Stored data entries
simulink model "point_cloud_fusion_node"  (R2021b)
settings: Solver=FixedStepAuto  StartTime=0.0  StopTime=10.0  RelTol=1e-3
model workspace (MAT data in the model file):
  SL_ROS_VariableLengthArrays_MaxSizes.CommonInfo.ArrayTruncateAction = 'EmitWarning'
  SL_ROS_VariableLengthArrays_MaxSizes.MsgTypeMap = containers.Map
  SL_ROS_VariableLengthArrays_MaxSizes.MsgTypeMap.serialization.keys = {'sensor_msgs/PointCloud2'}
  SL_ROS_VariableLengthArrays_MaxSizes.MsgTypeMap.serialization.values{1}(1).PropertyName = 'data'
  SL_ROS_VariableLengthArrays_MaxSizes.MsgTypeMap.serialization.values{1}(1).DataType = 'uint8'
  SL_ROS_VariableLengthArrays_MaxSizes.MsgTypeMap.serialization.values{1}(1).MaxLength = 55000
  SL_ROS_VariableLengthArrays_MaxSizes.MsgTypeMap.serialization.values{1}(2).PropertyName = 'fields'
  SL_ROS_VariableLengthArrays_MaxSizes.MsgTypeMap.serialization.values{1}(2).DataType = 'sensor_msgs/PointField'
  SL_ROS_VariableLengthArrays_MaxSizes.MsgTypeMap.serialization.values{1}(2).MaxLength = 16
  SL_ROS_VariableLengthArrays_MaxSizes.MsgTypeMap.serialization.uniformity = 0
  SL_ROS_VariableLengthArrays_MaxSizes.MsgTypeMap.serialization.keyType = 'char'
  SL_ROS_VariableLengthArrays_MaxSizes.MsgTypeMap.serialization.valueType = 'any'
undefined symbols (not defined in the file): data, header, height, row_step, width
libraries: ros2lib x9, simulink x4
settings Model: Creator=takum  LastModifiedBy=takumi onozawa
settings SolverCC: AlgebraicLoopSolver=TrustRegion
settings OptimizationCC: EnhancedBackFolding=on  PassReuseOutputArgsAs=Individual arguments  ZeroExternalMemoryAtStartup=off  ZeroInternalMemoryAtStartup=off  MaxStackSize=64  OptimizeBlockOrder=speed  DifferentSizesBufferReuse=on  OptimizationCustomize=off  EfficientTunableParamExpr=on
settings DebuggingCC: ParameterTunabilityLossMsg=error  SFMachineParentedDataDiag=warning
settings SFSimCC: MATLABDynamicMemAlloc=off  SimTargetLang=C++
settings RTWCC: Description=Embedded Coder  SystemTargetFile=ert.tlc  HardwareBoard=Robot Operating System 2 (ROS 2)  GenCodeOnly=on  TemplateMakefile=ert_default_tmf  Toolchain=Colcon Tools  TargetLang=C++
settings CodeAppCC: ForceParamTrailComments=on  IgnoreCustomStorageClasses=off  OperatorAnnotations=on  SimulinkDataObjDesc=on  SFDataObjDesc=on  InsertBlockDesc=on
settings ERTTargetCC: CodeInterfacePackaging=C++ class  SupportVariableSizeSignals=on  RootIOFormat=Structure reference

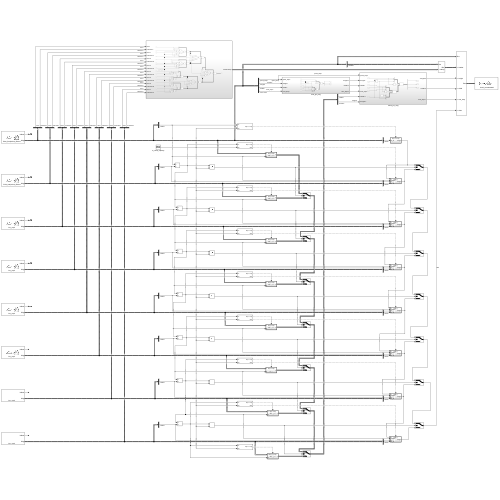
[thumbnail: Simulink's stored preview of the top-level diagram]
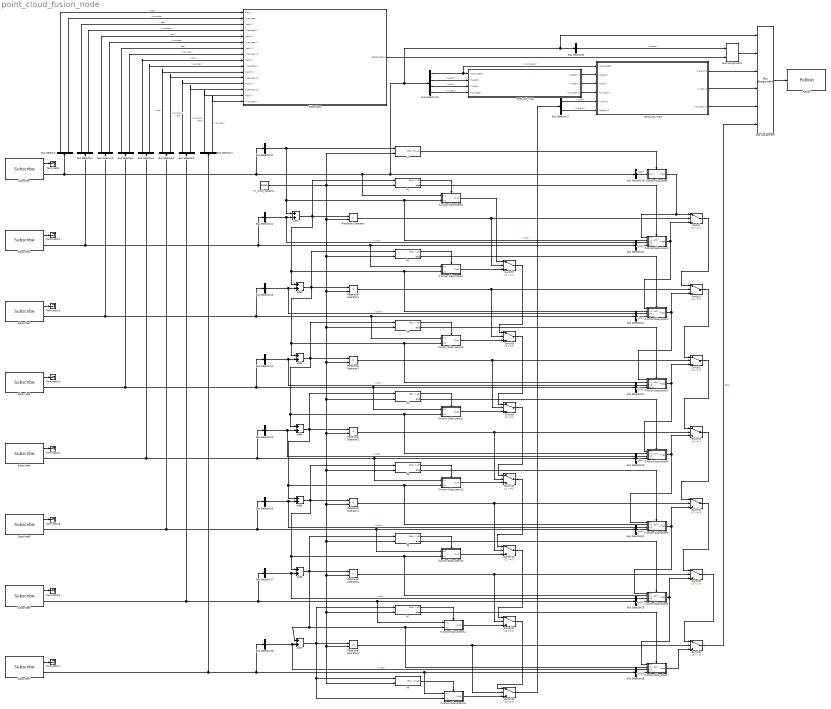
== system point_cloud_fusion_node ==
  Add{1..7} (7 alike) : Sum
  Bus Assignment : BusAssignment  AssignedSignals=header,height,width,row_step,data
  Bus Assignment1 : BusAssignment  AssignedSignals=stamp
  Bus Selector{,1..7} (8 alike) : BusSelector  OutputSignals=header.stamp.sec,header.stamp.nanosec
  Bus Selector10 : BusSelector  OutputSignals=point_step,height,width,row_step
  Bus Selector{11..18} (8 alike) : BusSelector  OutputSignals=width
  Bus Selector{19..26} (8 alike) : BusSelector  OutputSignals=data
  Bus Selector27 : BusSelector  OutputSignals=width,height
  Bus Selector8 : BusSelector  OutputSignals=header
  If : If  NumInputs=2  IfExpression=u1 <= u2  ShowElse=off
  If Action Subsystem : Subsystem  TreatAsAtomicUnit=on
  If Action Subsystem1 : Subsystem  TreatAsAtomicUnit=on
  If Action Subsystem10 : Subsystem  TreatAsAtomicUnit=on
  If Action Subsystem11 : Subsystem  TreatAsAtomicUnit=on
  If Action Subsystem12 : Subsystem  TreatAsAtomicUnit=on
  If Action Subsystem13 : Subsystem  TreatAsAtomicUnit=on
  If Action Subsystem14 : Subsystem  TreatAsAtomicUnit=on
  If Action Subsystem15 : Subsystem  TreatAsAtomicUnit=on
  If Action Subsystem2 : Subsystem  TreatAsAtomicUnit=on
  If Action Subsystem3 : Subsystem  TreatAsAtomicUnit=on
  If Action Subsystem4 : Subsystem  TreatAsAtomicUnit=on
  If Action Subsystem5 : Subsystem  TreatAsAtomicUnit=on
  If Action Subsystem6 : Subsystem  TreatAsAtomicUnit=on
  If Action Subsystem7 : Subsystem  TreatAsAtomicUnit=on
  If Action Subsystem8 : Subsystem  TreatAsAtomicUnit=on
  If Action Subsystem9 : Subsystem  TreatAsAtomicUnit=on
  If{1..7} (7 alike) : If  NumInputs=2  IfExpression=u1 > u2
  If8 : If  NumInputs=2  IfExpression=u1 <= u2  ShowElse=off
  Publish : ros2lib/Publish  topicSource=Specify your own  topic=cloud_concatenated  messageType=sensor_msgs/PointCloud2  QOSHistory=Keep last  QOSDepth=1  QOSReliability=Reliable  QOSDurability=Volatile
      settings: SourceProductBaseCode=RR
  Relational Operator{,1..6} (7 alike) : RelationalOperator  Operator=>  OutDataTypeStr=boolean  RndMeth=Simplest
  Subscribe : ros2lib/Subscribe  topicSource=Specify your own  topic=/lidar_front/points_filtered  messageType=sensor_msgs/PointCloud2  sampleTime=-1  QOSHistory=Keep last  QOSDepth=1  QOSReliability=Reliable  QOSDurability=Volatile
      settings: SourceProductBaseCode=RR
  Subscribe1 : ros2lib/Subscribe  topicSource=Specify your own  topic=/lidar_rear/points_filtered  messageType=sensor_msgs/PointCloud2  sampleTime=-1  QOSHistory=Keep last  QOSDepth=1  QOSReliability=Reliable  QOSDurability=Volatile
      settings: SourceProductBaseCode=RR
  Subscribe{2..7} (6 alike) : ros2lib/Subscribe  topicSource=Specify your own  topic=/my_topic  messageType=sensor_msgs/PointCloud2  sampleTime=-1  QOSHistory=Keep last  QOSDepth=1  QOSReliability=Reliable  QOSDurability=Volatile
      settings: SourceProductBaseCode=RR
  Subsystem : Subsystem
  Switch{,1..13} (14 alike) : Switch  Criteria=u2 ~= 0
  Terminator{,1..7} (8 alike) : Terminator
  m_cloud_capacity : Constant  Value=55000  OutDataTypeStr=uint32
  reset_pcl_msg : Subsystem
  resize_pcl_msg : Subsystem
  wires:
  Bus Selector10/1 -> resize_pcl_msg/1(<point_step>), reset_pcl_msg/1(<point_step>)  "<point_step>"
  If Action Subsystem7/1(msgs) -> Switch6/3
  If Action Subsystem2/1(msgs) -> Switch1/3, If Action Subsystem3/1(In1)
  Bus Selector19/1 -> If Action Subsystem/1(pc_in)  "<data>"
  Subscribe2/2 -> Bus Selector2/1, Bus Selector13/1, If Action Subsystem10/1(In1), Bus Selector21/1
  If5/1 -> If Action Subsystem12/Action
  Relational Operator6/1 -> Switch13/2, Switch6/2
  If7/2 -> If Action Subsystem7/Action
  Switch10/1 -> Switch11/1
  Subscribe1/1 -> Terminator1/1
  If Action Subsystem12/1(Out1) -> Switch10/3
  Bus Selector21/1 -> If Action Subsystem2/4(pc_in)  "<data>"
  Switch9/1 -> Switch10/1
  If Action Subsystem11/1(Out1) -> Switch9/3
  If3/1 -> If Action Subsystem10/Action
  Bus Selector24/1 -> If Action Subsystem5/4(pc_in)  "<data>"
  Bus Selector23/1 -> If Action Subsystem4/4(pc_in)  "<data>"
  Switch4/1 -> Switch5/1
  Subscribe/2 -> Bus Selector/1, Bus Selector11/1, If Action Subsystem8/1(In1), Bus Selector19/1, Bus Selector8/1, Bus Assignment/1, Bus Selector10/1
  Switch2/1 -> Switch3/1
  If1/1 -> If Action Subsystem8/Action
  If Action Subsystem3/1(msgs) -> Switch2/3, If Action Subsystem4/1(In1)
  If6/2 -> If Action Subsystem6/Action
  Bus Assignment/1 -> Publish/1
  Bus Selector14/1 -> Add3/2, If Action Subsystem3/3(In3)  "<width>"
  If4/2 -> If Action Subsystem4/Action
  If2/2 -> If Action Subsystem2/Action
  Subscribe5/2 -> Bus Selector5/1, If Action Subsystem13/1(In1), Bus Selector24/1, Bus Selector16/1
  If3/2 -> If Action Subsystem3/Action
  Add1/1 -> Relational Operator/1, If1/1, Add2/1, If Action Subsystem9/2(In2), If Action Subsystem2/2(<width>)
  If Action Subsystem/1(msgs) -> Switch/1, If Action Subsystem1/1(In1)
  Bus Assignment1/1 -> Bus Assignment/2
  Switch3/1 -> Switch4/1
  Switch/1 -> Switch1/1
  Switch12/1 -> Switch13/1
  Add3/1 -> If Action Subsystem11/2(In2), If Action Subsystem4/2(<width>), Add4/1, If3/1, Relational Operator2/1
  Subscribe/1 -> Terminator/1
  Add2/1 -> If2/1, Add3/1, If Action Subsystem10/2(In2), If Action Subsystem3/2(<width>), Relational Operator1/1
  Relational Operator2/1 -> Switch2/2, Switch9/2
  Bus Selector18/1 -> If Action Subsystem7/3(In3), Add7/2  "<width>"
  Bus Selector25/1 -> If Action Subsystem6/4(pc_in)  "<data>"
  If Action Subsystem15/1(Out1) -> Switch13/3
  If Action Subsystem13/1(Out1) -> Switch11/3
  Subscribe6/2 -> Bus Selector6/1, Bus Selector25/1, If Action Subsystem14/1(In1), Bus Selector17/1
  Bus Selector17/1 -> Add6/2, If Action Subsystem6/3(In3)  "<width>"
  Relational Operator3/1 -> Switch3/2, Switch10/2
  If1/2 -> If Action Subsystem1/Action
  If2/1 -> If Action Subsystem9/Action
  If Action Subsystem8/1(Out1) -> Switch7/1
  If7/1 -> If Action Subsystem14/Action
  Bus Selector12/1 -> Add1/2, If Action Subsystem1/3(In3)  "<width>"
  Relational Operator5/1 -> Switch12/2, Switch5/2
  If Action Subsystem4/1(msgs) -> Switch3/3, If Action Subsystem5/1(In1)
  If Action Subsystem10/1(Out1) -> Switch8/3
  Add6/1 -> If Action Subsystem14/2(In2), If Action Subsystem7/2(<width>), Add7/1, If6/1, Relational Operator5/1
  Switch6/1 -> Bus Assignment/6  "data"
  Add5/1 -> If Action Subsystem13/2(In2), If Action Subsystem6/2(<width>), Add6/1, If5/1, Relational Operator4/1
  If8/1 -> If Action Subsystem15/Action
  If5/2 -> If Action Subsystem5/Action
  Switch5/1 -> Switch6/1
  Switch1/1 -> Switch2/1
  Subscribe3/2 -> Bus Selector3/1, Bus Selector14/1, If Action Subsystem11/1(In1), Bus Selector22/1
  Bus Selector20/1 -> If Action Subsystem1/4(pc_in)  "<data>"
  If Action Subsystem5/1(msgs) -> Switch4/3, If Action Subsystem6/1(In1)
  Bus Selector15/1 -> Add4/2, If Action Subsystem4/3(In3)  "<width>"
  Switch8/1 -> Switch9/1
  If/1 -> If Action Subsystem/Action
  Relational Operator4/1 -> Switch4/2, Switch11/2
  If Action Subsystem6/1(msgs) -> Switch5/3, If Action Subsystem7/1(In1)
  Switch7/1 -> Switch8/1
  Bus Selector8/1 -> Bus Assignment1/1  "<header>"
  m_cloud_capacity/1 -> If3/2, Relational Operator2/2, Relational Operator3/2, Relational Operator4/2, If7/2, If8/2, Relational Operator6/2, Relational Operator5/2, If6/2, If5/2, If4/2, Relational Operator1/2, If2/2, Relational Operator/2, If/2, If1/2
  Bus Selector22/1 -> If Action Subsystem3/4(pc_in)  "<data>"
  Bus Selector11/1 -> If Action Subsystem8/2(In2), If Action Subsystem1/2(<width>), Add1/1, If/1  "<width>"
  Bus Selector26/1 -> If Action Subsystem7/4(pc_in)  "<data>"
  Add7/1 -> If8/1, If Action Subsystem15/2(In2), If7/1, Relational Operator6/1
  Bus Selector16/1 -> Add5/2, If Action Subsystem5/3(In3)  "<width>"
  If6/1 -> If Action Subsystem13/Action
  If Action Subsystem14/1(Out1) -> Switch12/3
  Relational Operator1/1 -> Switch1/2, Switch8/2
  Switch13/1 -> Bus Selector27/1
  Relational Operator/1 -> Switch/2, Switch7/2
  Subscribe4/2 -> Bus Selector4/1, Bus Selector15/1, Bus Selector23/1, If Action Subsystem12/1(In1)
  Switch11/1 -> Switch12/1
  Bus Selector13/1 -> Add2/2, If Action Subsystem2/3(In3)  "<width>"
  Add4/1 -> If4/1, If Action Subsystem12/2(In2), If Action Subsystem5/2(<width>), Add5/1, Relational Operator3/1
  If Action Subsystem1/1(msgs) -> Switch/3, If Action Subsystem2/1(In1)
  Subscribe1/2 -> Bus Selector1/1, Bus Selector12/1, If Action Subsystem9/1(In1), Bus Selector20/1
  Subscribe7/2 -> Bus Selector7/1, Bus Selector18/1, If Action Subsystem15/1(In1), Bus Selector26/1
  If Action Subsystem9/1(Out1) -> Switch7/3
  If4/1 -> If Action Subsystem11/Action
  Subscribe2/1 -> Terminator2/1
  Subscribe3/1 -> Terminator3/1
  Subscribe4/1 -> Terminator4/1
  Subscribe5/1 -> Terminator5/1
  Subscribe6/1 -> Terminator6/1
  Subscribe7/1 -> Terminator7/1
  Bus Selector27/1 -> resize_pcl_msg/5(<width>1)  "<width>"
  Bus Selector27/2 -> resize_pcl_msg/6(<height>1)  "<height>"
  resize_pcl_msg/1(<height>2) -> Bus Assignment/3
  resize_pcl_msg/2(<width>2) -> Bus Assignment/4
  resize_pcl_msg/3(<row_step>1) -> Bus Assignment/5
  Bus Selector10/2 -> reset_pcl_msg/2(<height>)  "<height>"
  Bus Selector10/3 -> reset_pcl_msg/3(<width>)  "<width>"
  Bus Selector10/4 -> reset_pcl_msg/4(<row_step>)  "<row_step>"
  reset_pcl_msg/1(<height>1) -> resize_pcl_msg/2(<height>)
  reset_pcl_msg/2(<width>1) -> resize_pcl_msg/3(<width>)
  reset_pcl_msg/3(<row_step>1) -> resize_pcl_msg/4(<row_step>)
  Bus Selector/1 -> Subsystem/1(<sec>)  "<sec>"
  Bus Selector/2 -> Subsystem/2(<nanosec>)  "<nanosec>"
  Bus Selector1/1 -> Subsystem/3(<sec>1)  "<sec>"
  Bus Selector1/2 -> Subsystem/4(<nanosec>1)  "<nanosec>"
  Bus Selector2/1 -> Subsystem/5(<sec>2)  "<sec>"
  Bus Selector2/2 -> Subsystem/6(<nanosec>2)  "<nanosec>"
  Bus Selector3/1 -> Subsystem/7(<sec>3)  "<sec>"
  Bus Selector3/2 -> Subsystem/8(<nanosec>3)  "<nanosec>"
  Bus Selector4/1 -> Subsystem/9(<sec>4)  "<sec>"
  Bus Selector4/2 -> Subsystem/10(<nanosec>4)  "<nanosec>"
  Bus Selector5/1 -> Subsystem/11(<sec>5)  "<sec>"
  Bus Selector5/2 -> Subsystem/12(<nanosec>5)  "<nanosec>"
  Bus Selector6/1 -> Subsystem/13(<sec>6)  "<sec>"
  Bus Selector6/2 -> Subsystem/14(<nanosec>6)  "<nanosec>"
  Bus Selector7/1 -> Subsystem/15(<sec>7)  "<sec>"
  Bus Selector7/2 -> Subsystem/16(<nanosec>7)  "<nanosec>"
  Subsystem/1(header.stamp) -> Bus Assignment1/2

== system point_cloud_fusion_node/If Action Subsystem ==
  pc_in : Inport
  Action Port : ActionPort  ActionPortLabel=if(u1 <= u2)
  msgs : Outport
  wires:
  pc_in/1 -> msgs/1

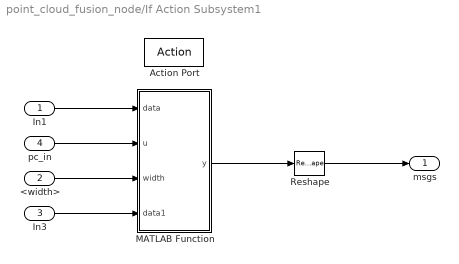
== system point_cloud_fusion_node/If Action Subsystem1 ==
  In1 : Inport
  <width> : Inport  Port=2
  In3 : Inport  Port=3
  pc_in : Inport  Port=4
  Action Port : ActionPort  ActionPortLabel=else
  MATLAB Function : MATLAB Function  TreatAsAtomicUnit=on
  Reshape : Reshape
  msgs : Outport
  wires:
  pc_in/1 -> MATLAB Function/2(u)
  MATLAB Function/1(y) -> Reshape/1
  In1/1 -> MATLAB Function/1(data)
  <width>/1 -> MATLAB Function/3(width)
  In3/1 -> MATLAB Function/4(data1)
  Reshape/1 -> msgs/1

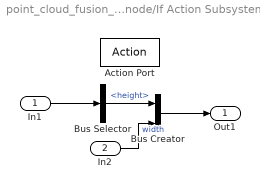
== system point_cloud_fusion_node/If Action Subsystem10 ==
  In1 : Inport
  In2 : Inport  Port=2
  Action Port : ActionPort  ActionPortLabel=if(u1 > u2)
  Bus Creator : BusCreator  Inputs=2
  Bus Selector : BusSelector  OutputSignals=height
  Out1 : Outport
  wires:
  In1/1 -> Bus Selector/1
  Bus Selector/1 -> Bus Creator/1  "<height>"
  Bus Creator/1 -> Out1/1
  In2/1 -> Bus Creator/2  "width"

== system point_cloud_fusion_node/If Action Subsystem11 ==
  In1 : Inport
  In2 : Inport  Port=2
  Action Port : ActionPort  ActionPortLabel=if(u1 > u2)
  Bus Creator : BusCreator  Inputs=2
  Bus Selector : BusSelector  OutputSignals=height
  Out1 : Outport
  wires:
  In1/1 -> Bus Selector/1
  Bus Selector/1 -> Bus Creator/1  "<height>"
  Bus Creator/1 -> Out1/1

# [What you should do]
For each line in the data that holds the word "BusAssignment", copy the line.

# [Reply to the task]
  Bus Assignment : BusAssignment  AssignedSignals=header,height,width,row_step,data
  Bus Assignment1 : BusAssignment  AssignedSignals=stamp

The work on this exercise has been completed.